_EXERCISE PROMPT_. I need the lines below from the one with "- added R?: 10k, symbol Device:R_Small_US" down to the one with "- new net: R?.1, U?.6 (INB-) (x2)" reproduced exactly, both ends included, and nothing else.

Records from a data source
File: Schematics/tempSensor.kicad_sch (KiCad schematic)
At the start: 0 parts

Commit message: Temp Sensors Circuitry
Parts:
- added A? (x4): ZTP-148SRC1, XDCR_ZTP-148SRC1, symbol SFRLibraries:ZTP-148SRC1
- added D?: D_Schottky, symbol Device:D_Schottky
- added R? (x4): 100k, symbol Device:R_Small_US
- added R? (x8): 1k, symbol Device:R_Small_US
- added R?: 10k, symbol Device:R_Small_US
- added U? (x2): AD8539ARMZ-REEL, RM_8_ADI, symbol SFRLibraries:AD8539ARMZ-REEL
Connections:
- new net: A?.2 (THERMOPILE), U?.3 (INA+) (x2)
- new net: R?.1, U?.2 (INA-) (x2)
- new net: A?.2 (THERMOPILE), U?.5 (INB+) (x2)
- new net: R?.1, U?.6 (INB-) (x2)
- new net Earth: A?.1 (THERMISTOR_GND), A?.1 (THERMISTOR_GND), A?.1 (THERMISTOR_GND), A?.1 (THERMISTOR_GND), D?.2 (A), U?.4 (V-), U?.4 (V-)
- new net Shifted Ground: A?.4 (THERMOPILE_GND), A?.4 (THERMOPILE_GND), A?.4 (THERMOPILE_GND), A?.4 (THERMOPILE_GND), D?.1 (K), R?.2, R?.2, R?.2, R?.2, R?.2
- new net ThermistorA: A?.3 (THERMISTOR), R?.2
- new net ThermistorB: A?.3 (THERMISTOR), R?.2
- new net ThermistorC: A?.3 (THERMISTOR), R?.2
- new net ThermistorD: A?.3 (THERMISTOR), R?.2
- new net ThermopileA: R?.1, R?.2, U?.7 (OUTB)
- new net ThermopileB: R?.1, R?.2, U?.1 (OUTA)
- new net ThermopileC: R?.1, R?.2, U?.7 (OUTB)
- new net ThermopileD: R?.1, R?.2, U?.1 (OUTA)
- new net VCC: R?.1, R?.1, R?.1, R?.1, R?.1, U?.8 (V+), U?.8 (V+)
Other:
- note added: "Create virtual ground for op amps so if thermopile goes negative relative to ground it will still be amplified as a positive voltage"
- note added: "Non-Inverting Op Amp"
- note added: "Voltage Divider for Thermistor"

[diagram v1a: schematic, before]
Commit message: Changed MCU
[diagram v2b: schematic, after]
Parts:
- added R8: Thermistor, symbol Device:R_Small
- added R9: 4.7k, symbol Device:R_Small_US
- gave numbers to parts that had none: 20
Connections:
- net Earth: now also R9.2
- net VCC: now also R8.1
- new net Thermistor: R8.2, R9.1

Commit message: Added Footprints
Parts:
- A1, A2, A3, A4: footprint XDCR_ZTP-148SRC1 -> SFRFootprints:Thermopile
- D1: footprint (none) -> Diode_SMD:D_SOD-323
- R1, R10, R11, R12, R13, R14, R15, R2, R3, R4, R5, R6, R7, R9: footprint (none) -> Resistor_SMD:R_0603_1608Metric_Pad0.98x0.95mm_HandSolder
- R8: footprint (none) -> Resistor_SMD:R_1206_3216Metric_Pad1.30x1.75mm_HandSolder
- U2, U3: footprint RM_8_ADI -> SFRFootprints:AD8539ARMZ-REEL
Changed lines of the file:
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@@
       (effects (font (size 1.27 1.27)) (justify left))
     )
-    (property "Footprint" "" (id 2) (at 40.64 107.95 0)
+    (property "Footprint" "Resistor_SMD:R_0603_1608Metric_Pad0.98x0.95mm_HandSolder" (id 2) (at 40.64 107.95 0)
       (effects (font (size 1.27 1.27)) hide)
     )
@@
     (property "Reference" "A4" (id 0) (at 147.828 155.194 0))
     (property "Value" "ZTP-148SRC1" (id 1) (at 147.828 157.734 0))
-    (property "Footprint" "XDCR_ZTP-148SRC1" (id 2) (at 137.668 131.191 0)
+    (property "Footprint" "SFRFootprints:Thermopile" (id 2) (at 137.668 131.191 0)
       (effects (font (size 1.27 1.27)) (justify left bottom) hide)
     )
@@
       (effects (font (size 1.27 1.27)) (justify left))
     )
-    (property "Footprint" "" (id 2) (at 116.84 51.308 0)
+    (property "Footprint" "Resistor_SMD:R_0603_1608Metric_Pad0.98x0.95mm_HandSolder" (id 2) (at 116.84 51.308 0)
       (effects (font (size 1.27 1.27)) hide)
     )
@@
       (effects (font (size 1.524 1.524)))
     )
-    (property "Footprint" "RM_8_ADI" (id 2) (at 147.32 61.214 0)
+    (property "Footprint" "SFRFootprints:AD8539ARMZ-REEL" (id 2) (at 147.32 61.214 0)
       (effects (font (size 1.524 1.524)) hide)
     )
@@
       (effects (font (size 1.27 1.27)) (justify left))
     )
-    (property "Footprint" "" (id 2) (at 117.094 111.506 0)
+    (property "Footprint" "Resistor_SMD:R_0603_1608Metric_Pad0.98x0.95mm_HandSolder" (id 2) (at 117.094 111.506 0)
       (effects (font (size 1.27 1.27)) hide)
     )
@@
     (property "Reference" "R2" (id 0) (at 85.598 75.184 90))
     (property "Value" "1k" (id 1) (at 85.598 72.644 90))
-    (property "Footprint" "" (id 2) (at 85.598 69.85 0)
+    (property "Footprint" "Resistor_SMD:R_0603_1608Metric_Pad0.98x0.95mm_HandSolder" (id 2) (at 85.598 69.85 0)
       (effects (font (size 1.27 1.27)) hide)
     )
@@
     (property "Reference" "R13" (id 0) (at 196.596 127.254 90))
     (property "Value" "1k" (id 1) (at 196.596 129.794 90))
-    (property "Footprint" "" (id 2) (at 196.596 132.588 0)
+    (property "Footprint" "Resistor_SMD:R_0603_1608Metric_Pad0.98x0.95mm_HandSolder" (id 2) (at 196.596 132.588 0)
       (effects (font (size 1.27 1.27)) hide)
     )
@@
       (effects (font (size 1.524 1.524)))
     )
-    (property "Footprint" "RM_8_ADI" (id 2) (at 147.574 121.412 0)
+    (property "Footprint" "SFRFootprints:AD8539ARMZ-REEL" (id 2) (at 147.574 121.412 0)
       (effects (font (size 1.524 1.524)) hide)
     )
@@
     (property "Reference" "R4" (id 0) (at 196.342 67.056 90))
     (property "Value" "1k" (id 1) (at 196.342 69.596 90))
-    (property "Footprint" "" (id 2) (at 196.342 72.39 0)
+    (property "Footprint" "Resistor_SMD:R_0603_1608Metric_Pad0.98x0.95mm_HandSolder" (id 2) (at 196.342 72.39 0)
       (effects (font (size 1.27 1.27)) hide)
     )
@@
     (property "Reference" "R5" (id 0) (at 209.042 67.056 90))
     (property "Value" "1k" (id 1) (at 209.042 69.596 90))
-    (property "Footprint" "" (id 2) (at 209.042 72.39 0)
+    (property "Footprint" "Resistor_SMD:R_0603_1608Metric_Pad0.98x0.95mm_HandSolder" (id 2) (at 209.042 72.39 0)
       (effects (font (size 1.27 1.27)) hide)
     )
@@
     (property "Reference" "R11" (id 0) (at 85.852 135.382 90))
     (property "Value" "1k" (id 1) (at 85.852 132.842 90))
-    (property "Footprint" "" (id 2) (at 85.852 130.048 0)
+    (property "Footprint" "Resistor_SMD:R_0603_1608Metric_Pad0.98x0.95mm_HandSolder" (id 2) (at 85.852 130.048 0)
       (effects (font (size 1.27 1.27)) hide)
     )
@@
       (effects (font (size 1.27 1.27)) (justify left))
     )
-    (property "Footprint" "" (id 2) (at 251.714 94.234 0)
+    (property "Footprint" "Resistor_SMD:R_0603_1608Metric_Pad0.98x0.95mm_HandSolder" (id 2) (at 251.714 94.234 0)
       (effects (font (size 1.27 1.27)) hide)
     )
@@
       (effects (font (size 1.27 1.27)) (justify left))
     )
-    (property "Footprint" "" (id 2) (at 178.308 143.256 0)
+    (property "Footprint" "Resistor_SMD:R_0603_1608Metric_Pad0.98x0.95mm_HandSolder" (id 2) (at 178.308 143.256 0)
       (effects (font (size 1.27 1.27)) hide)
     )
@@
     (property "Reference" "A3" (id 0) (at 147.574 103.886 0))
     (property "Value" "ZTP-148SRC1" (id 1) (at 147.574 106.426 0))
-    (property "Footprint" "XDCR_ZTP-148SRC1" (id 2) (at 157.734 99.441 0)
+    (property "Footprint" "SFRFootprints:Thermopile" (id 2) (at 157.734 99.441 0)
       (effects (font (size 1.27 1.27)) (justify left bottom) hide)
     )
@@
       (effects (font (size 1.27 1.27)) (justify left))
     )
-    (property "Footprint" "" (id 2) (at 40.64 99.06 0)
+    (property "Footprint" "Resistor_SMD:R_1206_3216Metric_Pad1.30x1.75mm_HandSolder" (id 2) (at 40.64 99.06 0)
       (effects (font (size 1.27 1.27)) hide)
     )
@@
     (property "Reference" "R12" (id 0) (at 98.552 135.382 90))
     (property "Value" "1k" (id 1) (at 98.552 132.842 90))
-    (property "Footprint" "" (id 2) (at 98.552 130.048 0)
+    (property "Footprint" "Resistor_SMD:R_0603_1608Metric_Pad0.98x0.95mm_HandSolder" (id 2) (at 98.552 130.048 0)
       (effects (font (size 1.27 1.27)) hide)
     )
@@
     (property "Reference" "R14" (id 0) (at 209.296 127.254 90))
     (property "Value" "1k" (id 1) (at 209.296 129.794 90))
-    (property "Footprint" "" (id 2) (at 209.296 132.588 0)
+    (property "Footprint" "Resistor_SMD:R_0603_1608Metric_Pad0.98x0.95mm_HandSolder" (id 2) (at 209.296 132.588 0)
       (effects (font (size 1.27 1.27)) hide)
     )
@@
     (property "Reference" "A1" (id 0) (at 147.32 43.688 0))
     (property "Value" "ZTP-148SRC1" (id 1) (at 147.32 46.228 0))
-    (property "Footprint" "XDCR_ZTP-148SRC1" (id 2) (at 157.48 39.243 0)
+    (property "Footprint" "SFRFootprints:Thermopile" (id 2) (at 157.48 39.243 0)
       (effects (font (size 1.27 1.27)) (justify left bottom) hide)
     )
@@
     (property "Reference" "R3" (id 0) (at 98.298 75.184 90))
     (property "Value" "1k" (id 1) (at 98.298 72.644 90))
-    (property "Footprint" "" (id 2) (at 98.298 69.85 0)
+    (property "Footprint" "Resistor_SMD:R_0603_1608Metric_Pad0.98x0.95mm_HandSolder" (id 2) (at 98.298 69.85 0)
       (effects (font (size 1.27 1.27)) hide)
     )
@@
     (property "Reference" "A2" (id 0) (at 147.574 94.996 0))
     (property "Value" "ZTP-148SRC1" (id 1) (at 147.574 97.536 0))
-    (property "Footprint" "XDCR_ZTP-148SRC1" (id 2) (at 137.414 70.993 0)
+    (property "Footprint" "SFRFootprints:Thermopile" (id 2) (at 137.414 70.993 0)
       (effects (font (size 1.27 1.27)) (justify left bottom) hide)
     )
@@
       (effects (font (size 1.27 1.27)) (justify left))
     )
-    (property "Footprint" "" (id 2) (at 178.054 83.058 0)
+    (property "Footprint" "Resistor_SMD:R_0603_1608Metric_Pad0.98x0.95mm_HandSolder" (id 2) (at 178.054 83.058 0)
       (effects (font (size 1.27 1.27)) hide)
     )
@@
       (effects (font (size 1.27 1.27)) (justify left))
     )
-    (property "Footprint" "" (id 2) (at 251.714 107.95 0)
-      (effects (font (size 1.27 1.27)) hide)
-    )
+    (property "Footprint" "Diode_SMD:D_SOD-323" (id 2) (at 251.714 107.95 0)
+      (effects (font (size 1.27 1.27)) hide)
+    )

_ANSWER TO THIS EXERCISE_.
- added R?: 10k, symbol Device:R_Small_US
- added U? (x2): AD8539ARMZ-REEL, RM_8_ADI, symbol SFRLibraries:AD8539ARMZ-REEL
Connections:
- new net: A?.2 (THERMOPILE), U?.3 (INA+) (x2)
- new net: R?.1, U?.2 (INA-) (x2)
- new net: A?.2 (THERMOPILE), U?.5 (INB+) (x2)
- new net: R?.1, U?.6 (INB-) (x2)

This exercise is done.